В самый день его смерти я была на венчании дорогих мне друзей. Вечером накануне
я не пошла на его лекцию "Христианство" в ДК на Волхонке - решила
отоспаться, а посещение только что открывшегося тогда Открытого Университета
отложила на неделю. Вечером 9 сентября я обзванивала друзей - звала с собой.
И мне сказали, что батюшки больше нет.
В последний раз я видела его на Преображение - тремя неделями раньше. Тогда
же единственный раз и исповедовалась у него. Многие об этом говорили, и я могу
подтвердить: в те минуты, когда доводилось говорить с батюшкой, для него существовал
только ты, и ты был самым любимым, самым долгожданным, и за самое короткое время
отец умел говорить тебе самое главное. Это - несомненный дар молитвы: люди сами
так не умеют.
В 1989 году я организовывала встречу с о. Александром в своем музыкальном училище.

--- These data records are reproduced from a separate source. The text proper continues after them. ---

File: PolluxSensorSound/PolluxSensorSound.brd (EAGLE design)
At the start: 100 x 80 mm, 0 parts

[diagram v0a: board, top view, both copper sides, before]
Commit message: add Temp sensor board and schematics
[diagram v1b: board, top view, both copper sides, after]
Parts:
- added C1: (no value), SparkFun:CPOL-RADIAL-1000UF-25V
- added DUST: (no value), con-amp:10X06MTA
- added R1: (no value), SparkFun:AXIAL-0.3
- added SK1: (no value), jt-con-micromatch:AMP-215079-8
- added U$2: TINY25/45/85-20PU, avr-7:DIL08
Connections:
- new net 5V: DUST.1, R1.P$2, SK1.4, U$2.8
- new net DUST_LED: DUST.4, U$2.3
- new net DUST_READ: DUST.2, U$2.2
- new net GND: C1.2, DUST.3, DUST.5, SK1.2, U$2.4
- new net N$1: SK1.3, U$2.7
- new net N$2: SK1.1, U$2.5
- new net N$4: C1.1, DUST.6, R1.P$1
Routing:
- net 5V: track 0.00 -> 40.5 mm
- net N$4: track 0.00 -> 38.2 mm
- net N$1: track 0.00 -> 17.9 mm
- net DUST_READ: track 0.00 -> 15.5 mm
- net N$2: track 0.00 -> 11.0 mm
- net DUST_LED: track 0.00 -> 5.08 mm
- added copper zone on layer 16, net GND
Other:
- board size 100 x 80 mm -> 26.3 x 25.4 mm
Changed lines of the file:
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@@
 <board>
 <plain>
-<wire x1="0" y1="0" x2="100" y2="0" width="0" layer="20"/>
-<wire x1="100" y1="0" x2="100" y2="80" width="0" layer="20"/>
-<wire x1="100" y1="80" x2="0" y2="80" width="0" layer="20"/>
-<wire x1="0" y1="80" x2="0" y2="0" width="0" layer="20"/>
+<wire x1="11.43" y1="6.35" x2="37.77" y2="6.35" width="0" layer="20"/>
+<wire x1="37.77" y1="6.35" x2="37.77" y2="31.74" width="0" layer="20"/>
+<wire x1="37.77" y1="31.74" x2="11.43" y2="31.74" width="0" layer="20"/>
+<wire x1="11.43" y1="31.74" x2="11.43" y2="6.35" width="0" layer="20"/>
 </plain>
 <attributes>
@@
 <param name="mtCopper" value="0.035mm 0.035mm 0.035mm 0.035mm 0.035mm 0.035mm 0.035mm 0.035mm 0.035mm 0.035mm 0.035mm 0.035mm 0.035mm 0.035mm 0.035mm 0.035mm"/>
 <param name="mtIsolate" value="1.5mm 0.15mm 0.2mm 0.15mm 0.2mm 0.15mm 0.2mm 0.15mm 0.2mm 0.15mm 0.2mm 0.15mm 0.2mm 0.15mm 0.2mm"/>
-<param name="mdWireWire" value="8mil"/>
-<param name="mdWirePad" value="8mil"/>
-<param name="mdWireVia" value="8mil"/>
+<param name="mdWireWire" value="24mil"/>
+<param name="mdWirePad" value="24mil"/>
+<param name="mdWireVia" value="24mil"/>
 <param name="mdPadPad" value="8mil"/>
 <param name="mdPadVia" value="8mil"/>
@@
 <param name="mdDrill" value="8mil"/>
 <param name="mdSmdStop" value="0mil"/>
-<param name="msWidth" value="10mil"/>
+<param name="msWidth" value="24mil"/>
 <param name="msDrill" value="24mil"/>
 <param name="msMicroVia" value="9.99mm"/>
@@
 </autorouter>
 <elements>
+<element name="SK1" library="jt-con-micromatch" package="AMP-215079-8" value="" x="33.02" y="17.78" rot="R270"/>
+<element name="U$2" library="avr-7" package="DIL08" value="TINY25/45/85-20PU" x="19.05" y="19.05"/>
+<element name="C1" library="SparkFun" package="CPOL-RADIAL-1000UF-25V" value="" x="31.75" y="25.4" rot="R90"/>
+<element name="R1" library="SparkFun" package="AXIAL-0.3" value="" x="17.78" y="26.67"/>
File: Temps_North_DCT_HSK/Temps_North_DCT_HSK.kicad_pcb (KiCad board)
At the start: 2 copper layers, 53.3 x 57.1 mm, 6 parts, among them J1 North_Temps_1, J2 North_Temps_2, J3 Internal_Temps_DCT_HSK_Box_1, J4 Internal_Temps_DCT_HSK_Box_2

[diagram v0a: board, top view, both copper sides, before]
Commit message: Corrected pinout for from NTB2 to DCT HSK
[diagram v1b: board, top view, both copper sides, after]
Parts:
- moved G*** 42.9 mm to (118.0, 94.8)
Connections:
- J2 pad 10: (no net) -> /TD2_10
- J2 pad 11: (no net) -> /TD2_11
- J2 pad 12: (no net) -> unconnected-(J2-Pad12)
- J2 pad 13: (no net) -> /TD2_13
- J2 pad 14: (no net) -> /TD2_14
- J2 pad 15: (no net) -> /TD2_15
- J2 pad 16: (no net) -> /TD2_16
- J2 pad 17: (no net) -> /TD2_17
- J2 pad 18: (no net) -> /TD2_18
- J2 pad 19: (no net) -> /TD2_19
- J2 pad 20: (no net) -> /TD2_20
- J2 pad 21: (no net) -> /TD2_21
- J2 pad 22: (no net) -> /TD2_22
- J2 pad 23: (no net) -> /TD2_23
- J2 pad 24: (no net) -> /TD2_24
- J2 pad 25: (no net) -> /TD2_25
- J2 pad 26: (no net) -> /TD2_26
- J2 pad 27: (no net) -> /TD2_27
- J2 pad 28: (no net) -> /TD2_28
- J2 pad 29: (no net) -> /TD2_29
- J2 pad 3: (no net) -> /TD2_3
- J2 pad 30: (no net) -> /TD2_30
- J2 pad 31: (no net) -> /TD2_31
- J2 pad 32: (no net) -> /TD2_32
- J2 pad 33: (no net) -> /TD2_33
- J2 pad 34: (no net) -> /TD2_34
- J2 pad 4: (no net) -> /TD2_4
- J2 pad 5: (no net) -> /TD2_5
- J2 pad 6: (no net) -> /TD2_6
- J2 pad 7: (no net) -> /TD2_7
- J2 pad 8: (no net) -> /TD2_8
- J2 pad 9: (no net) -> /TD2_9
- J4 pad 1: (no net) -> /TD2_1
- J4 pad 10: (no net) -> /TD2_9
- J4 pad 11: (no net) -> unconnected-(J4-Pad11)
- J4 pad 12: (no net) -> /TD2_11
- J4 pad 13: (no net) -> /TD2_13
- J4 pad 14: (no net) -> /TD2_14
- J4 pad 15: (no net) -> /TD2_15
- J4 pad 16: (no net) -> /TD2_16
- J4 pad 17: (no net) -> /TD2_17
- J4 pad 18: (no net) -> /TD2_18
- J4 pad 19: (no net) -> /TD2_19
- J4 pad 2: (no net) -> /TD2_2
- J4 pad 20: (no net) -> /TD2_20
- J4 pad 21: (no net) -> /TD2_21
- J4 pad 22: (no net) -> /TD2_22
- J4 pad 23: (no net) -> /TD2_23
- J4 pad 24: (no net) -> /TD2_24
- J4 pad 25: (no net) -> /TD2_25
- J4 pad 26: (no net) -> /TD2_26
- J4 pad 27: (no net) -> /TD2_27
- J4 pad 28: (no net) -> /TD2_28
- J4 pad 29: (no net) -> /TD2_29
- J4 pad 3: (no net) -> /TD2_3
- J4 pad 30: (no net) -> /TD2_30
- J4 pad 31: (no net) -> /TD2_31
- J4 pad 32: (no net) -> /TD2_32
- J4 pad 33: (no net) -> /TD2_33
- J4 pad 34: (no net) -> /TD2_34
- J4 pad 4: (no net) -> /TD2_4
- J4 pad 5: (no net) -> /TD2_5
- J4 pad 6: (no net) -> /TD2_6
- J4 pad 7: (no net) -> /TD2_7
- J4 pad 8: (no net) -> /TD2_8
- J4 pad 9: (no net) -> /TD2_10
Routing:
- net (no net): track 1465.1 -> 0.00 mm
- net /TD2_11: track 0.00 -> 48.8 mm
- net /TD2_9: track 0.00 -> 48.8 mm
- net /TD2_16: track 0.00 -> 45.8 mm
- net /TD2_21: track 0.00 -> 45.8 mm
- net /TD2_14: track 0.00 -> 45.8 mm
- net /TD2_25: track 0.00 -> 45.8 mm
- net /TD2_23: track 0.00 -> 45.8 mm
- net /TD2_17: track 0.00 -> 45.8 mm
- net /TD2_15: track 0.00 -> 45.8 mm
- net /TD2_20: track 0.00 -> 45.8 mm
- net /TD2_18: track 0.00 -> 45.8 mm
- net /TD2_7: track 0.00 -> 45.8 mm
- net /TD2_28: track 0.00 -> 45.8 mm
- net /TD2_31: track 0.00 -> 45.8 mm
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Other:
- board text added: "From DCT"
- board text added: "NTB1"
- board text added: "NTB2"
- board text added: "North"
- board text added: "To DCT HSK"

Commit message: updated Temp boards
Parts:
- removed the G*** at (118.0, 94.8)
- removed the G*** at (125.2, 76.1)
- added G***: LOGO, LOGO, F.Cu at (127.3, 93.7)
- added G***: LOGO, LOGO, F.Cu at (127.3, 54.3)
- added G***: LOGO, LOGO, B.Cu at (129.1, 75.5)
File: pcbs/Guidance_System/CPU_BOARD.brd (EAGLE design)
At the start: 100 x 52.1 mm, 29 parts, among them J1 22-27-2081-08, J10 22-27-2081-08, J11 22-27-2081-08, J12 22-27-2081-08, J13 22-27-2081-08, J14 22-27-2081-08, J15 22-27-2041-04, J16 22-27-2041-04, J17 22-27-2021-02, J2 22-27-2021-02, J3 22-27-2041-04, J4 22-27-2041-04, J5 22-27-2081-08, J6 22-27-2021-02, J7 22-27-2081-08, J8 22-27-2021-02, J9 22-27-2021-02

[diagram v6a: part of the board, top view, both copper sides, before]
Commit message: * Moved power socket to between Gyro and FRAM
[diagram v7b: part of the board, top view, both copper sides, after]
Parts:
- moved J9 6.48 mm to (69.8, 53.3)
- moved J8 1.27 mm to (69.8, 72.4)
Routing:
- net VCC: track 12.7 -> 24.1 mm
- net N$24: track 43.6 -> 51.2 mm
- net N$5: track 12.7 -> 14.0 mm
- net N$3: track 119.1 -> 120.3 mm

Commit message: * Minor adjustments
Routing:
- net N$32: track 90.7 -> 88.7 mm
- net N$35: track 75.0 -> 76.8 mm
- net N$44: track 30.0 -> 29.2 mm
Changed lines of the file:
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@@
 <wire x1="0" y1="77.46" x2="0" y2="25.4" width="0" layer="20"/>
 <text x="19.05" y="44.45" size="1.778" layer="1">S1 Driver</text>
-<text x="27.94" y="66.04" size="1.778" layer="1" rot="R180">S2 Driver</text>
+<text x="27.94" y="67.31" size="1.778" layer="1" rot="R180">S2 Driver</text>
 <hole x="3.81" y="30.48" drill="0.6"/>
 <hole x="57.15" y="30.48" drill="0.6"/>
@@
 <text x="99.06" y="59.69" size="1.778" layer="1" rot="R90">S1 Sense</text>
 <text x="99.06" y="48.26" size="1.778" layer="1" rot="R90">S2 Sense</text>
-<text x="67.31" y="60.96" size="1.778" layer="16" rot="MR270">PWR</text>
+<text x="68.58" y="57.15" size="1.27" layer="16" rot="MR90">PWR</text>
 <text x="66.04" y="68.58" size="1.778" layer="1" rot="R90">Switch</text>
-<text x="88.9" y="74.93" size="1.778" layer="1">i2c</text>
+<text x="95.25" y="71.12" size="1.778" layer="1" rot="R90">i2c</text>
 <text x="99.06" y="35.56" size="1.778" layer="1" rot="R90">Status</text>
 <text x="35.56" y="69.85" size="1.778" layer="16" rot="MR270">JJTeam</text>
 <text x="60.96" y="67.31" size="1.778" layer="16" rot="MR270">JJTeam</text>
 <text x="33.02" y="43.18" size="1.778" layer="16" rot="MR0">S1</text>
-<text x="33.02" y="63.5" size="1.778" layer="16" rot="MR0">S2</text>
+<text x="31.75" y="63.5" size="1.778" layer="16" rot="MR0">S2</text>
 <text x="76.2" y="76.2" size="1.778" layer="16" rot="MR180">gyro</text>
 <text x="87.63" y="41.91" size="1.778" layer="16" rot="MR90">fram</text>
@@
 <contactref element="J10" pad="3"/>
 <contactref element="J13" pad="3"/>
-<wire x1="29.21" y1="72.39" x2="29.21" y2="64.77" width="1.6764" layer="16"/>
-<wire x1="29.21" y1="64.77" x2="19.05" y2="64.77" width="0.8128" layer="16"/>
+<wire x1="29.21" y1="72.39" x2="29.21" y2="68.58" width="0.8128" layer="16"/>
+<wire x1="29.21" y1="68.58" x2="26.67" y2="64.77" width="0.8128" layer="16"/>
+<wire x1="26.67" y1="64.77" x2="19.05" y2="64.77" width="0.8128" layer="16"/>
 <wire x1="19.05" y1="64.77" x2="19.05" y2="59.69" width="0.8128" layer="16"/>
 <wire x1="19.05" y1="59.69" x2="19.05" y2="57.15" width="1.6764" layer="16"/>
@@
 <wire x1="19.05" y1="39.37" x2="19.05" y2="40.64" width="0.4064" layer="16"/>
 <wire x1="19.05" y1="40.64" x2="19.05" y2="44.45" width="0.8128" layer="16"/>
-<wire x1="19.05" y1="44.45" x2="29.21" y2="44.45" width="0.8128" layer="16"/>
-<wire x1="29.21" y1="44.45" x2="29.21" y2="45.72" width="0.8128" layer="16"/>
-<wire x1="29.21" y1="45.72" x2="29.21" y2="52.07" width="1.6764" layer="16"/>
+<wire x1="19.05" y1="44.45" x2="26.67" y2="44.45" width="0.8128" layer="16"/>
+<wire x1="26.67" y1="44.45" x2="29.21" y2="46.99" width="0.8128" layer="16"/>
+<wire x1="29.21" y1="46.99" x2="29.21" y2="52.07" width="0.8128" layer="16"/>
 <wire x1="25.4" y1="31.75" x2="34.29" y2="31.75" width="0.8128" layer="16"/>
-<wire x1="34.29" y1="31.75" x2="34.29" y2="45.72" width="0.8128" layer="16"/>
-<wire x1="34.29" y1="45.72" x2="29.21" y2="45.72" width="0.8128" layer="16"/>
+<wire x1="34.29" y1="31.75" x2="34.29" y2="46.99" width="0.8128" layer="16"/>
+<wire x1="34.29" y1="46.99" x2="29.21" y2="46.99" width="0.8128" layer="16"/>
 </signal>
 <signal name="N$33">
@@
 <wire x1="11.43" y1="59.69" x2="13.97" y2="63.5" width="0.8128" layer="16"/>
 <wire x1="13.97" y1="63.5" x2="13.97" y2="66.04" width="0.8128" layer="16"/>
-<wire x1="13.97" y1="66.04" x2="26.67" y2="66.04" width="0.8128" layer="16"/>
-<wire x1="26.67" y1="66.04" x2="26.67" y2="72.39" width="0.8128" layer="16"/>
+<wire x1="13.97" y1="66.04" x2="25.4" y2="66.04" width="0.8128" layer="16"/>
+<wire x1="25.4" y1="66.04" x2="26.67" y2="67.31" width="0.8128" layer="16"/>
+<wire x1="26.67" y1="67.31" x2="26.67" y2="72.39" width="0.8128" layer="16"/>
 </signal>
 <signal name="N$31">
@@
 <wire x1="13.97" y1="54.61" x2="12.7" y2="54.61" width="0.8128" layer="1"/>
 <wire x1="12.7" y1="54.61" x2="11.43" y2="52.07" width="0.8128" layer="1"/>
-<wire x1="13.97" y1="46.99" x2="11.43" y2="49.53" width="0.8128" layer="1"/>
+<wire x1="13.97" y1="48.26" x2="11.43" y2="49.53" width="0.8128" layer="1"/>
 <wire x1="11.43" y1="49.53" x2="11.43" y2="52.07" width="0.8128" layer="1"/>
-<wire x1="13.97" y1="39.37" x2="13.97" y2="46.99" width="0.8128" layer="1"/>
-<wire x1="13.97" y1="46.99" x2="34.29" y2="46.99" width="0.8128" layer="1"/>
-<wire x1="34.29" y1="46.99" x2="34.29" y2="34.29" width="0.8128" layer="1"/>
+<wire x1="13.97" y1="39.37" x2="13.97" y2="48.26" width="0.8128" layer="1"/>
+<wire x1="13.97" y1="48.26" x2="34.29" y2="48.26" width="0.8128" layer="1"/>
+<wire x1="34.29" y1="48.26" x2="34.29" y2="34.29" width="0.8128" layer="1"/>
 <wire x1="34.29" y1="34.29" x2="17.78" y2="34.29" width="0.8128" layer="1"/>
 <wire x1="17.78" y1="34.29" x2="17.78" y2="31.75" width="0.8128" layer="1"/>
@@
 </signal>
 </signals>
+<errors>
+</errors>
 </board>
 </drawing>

Время тогда было особое, отличное от теперешнего. Хорошо сказал об этом незабвенный
Сергей Сергеевич Аверинцев: "То взаимопонимание
между верующими, воспитанное десятилетиями гонений и утеснений, ушло: люди,
некогда чуть ли не со слезами радости узнавшие друг друга в храмах советского
времени - "А, ты тоже!" - нынче смотрят друг на друга мрачно и видят
друг в друге врагов веры".
Вот это "а, ты тоже!" - слава Богу, довелось застать, хотя тревожные
звоночки уже начинались. Одна из преподавательниц, принадлежавшая к числу недоброжелателей
о. Александра, увещевала студентов на эту встречу не ходить: ведь там "по
КГБ-шнику на каждом ряду будет сидеть", а потом "в кабинет директора
по одному будут вызывать от Христа отрекаться". Некоторые послушали ее
и не пошли на встречу. Но все равно был полный зал - в основном студенты, 17-22
лет, о Церкви в большинстве своем не думавшие.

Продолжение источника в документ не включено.